Previous: Format of input files, Up: Running wcd


3.11 Output

All output goes to standard output. Look at the arguments section to decide the format of the output. Note if you don't have any format arguments, nothing will get printed, which will be a waste.

Format of the Compressed Cluster Table

A convenient way (for humans and probably for many programs) to show the output of the clustering process is to use the --show_clusters option. The format of the compressed cluster table is very simple. Each cluster appears on a line by itself. The cluster is given by listing the indices of the sequences that make up the cluster. The indices are separated by a space, and the last sequence in the cluster is followed by a full stop `.'.

     0 1 3.
     2.
     4.
     5 7.
     6 8 9.
     10.

Format of Extended Cluster Table

When the code --ext_show option is chosen, the clustering is given in table format. The columns of the table are as follows:

The orient field requires a little more explanation. It gives the orientation of the sequence with respect to the root of its cluster. Formally, this is described as follows. Let x and y be two sequences in a cluster. While they may not overlap, we know that there is an ordered list or path of sequences x=x_0, x_1, \ldots, x_n-1, x_n=y such that for each i either d^2(x_i,x_i+1)\leq \theta (positive match) or d^2(x,rc(x_i+1))\leq \theta (reverse-complement match), where \theta is the threshold. In particular for every sequence there is such a path from the root of the cluster to that sequence. In a path from the root to a sequence x, we compute the number of times the match is a positive one, and the number of times it is a reverse-complement one. The orient field is 1 if the number of reverse-complement matches is even, and -1 if the number is odd.

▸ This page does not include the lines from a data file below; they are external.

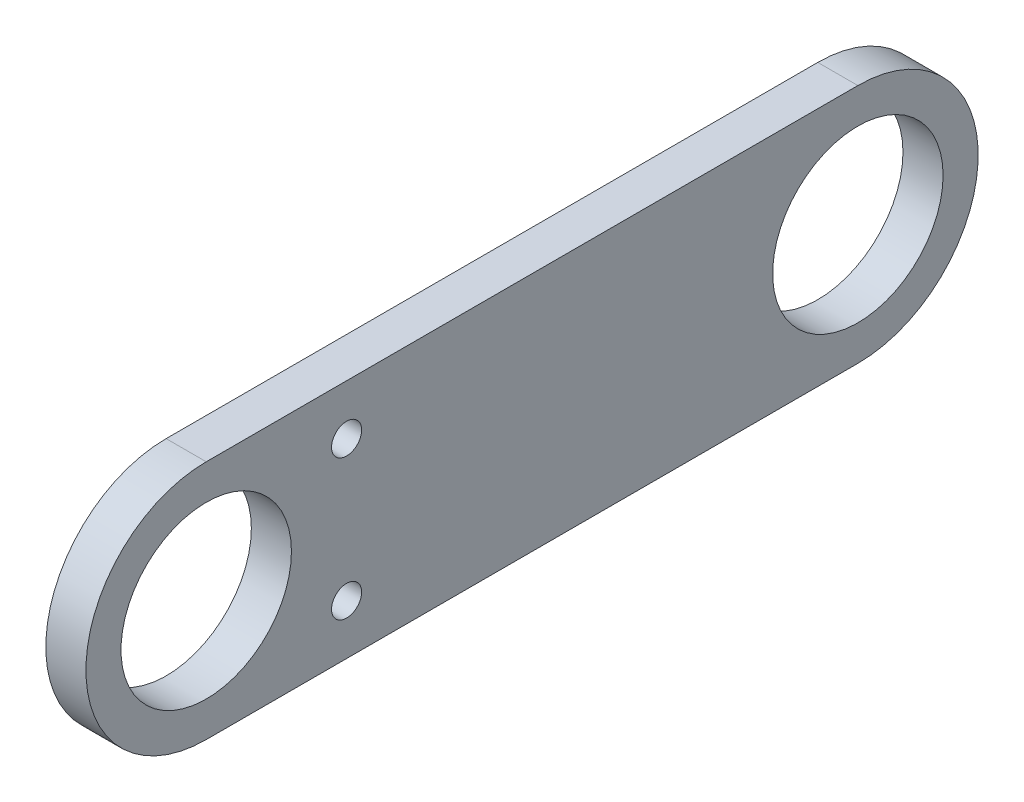
from build123d import *

# Parameters (mm, degrees)
SKETCH_1_R      = 8.5
SKETCH_1_R_2    = 1.5
EXTRUDE_1_DEPTH = 4


with BuildPart() as part:
    # 草图1 → 凸台-拉伸1 (new body)
    with BuildSketch(Plane(origin=(0, 0, 0), x_dir=(0, 0, -1), z_dir=(1, 0, 0))):
        with BuildLine():
            Line((-9, 12), (0, 12))
            Line((0, 12), (56, 12))
            ThreePointArc((56, 12), (68, 0), (56, -12))
            Line((56, -12), (0, -12))
            Line((0, -12), (-9, -12))
            ThreePointArc((-9, -12), (-21, 0), (-9, 12))
        make_face()
        with Locations((56, 0)):
            Circle(SKETCH_1_R, mode=Mode.SUBTRACT)
        with Locations((5, 7)):
            Circle(SKETCH_1_R_2, mode=Mode.SUBTRACT)
        with Locations((5, -7)):
            Circle(SKETCH_1_R_2, mode=Mode.SUBTRACT)
        with Locations((-9, 0)):
            Circle(SKETCH_1_R, mode=Mode.SUBTRACT)
    extrude(amount=EXTRUDE_1_DEPTH)


solid = part.part

In principle it is possible for there to be two paths from the root to a sequence which would yield different orient values. First, this is unlikely to happen. Second, all the orient field is saying is that such an orientation of the sequence is legitimate. The fact that other orientation is also legitimate does not affect the correctness of the result.

The Dump option

Usage: wcd -d dump_file  seq_file

When used with this option, wcd will open the given dump file for writing and then perform clustering. Whenever it finds two sequences that should be clustered it writes the match to the dump file: the output are the indices of the two sequences, and a 1 (if the there is a positive match) or -1 (if there is an RC match).

This was introduced into wcd to support our simplistic parallelisation (see the parallelisation section in the technical manual).

3.12 Auxiliary programs

A number of auxiliary programs come with the wcd distribution.

For both programs, input and output are standard input and output. So you would probably run the programs thus

     ./ext2comp.pl < cluster.ext > cluster.com
     ./comp2ext.pl < cluster.com > cluster.ext

3.13 Running wcd in parallel

wcd has support for both shared and distributed memory parallelisation. The parallel version supports straightforward clustering only.

There are, however, major restrictions should you use these options.

In version 0.4, the wcd options for suffix clustering, merging, reclustering, dealing with constraints etc, are NOT supported when you use the parallel options. It is my intention that future versions will fix these problems. The following options are not supported if you use the parallel options.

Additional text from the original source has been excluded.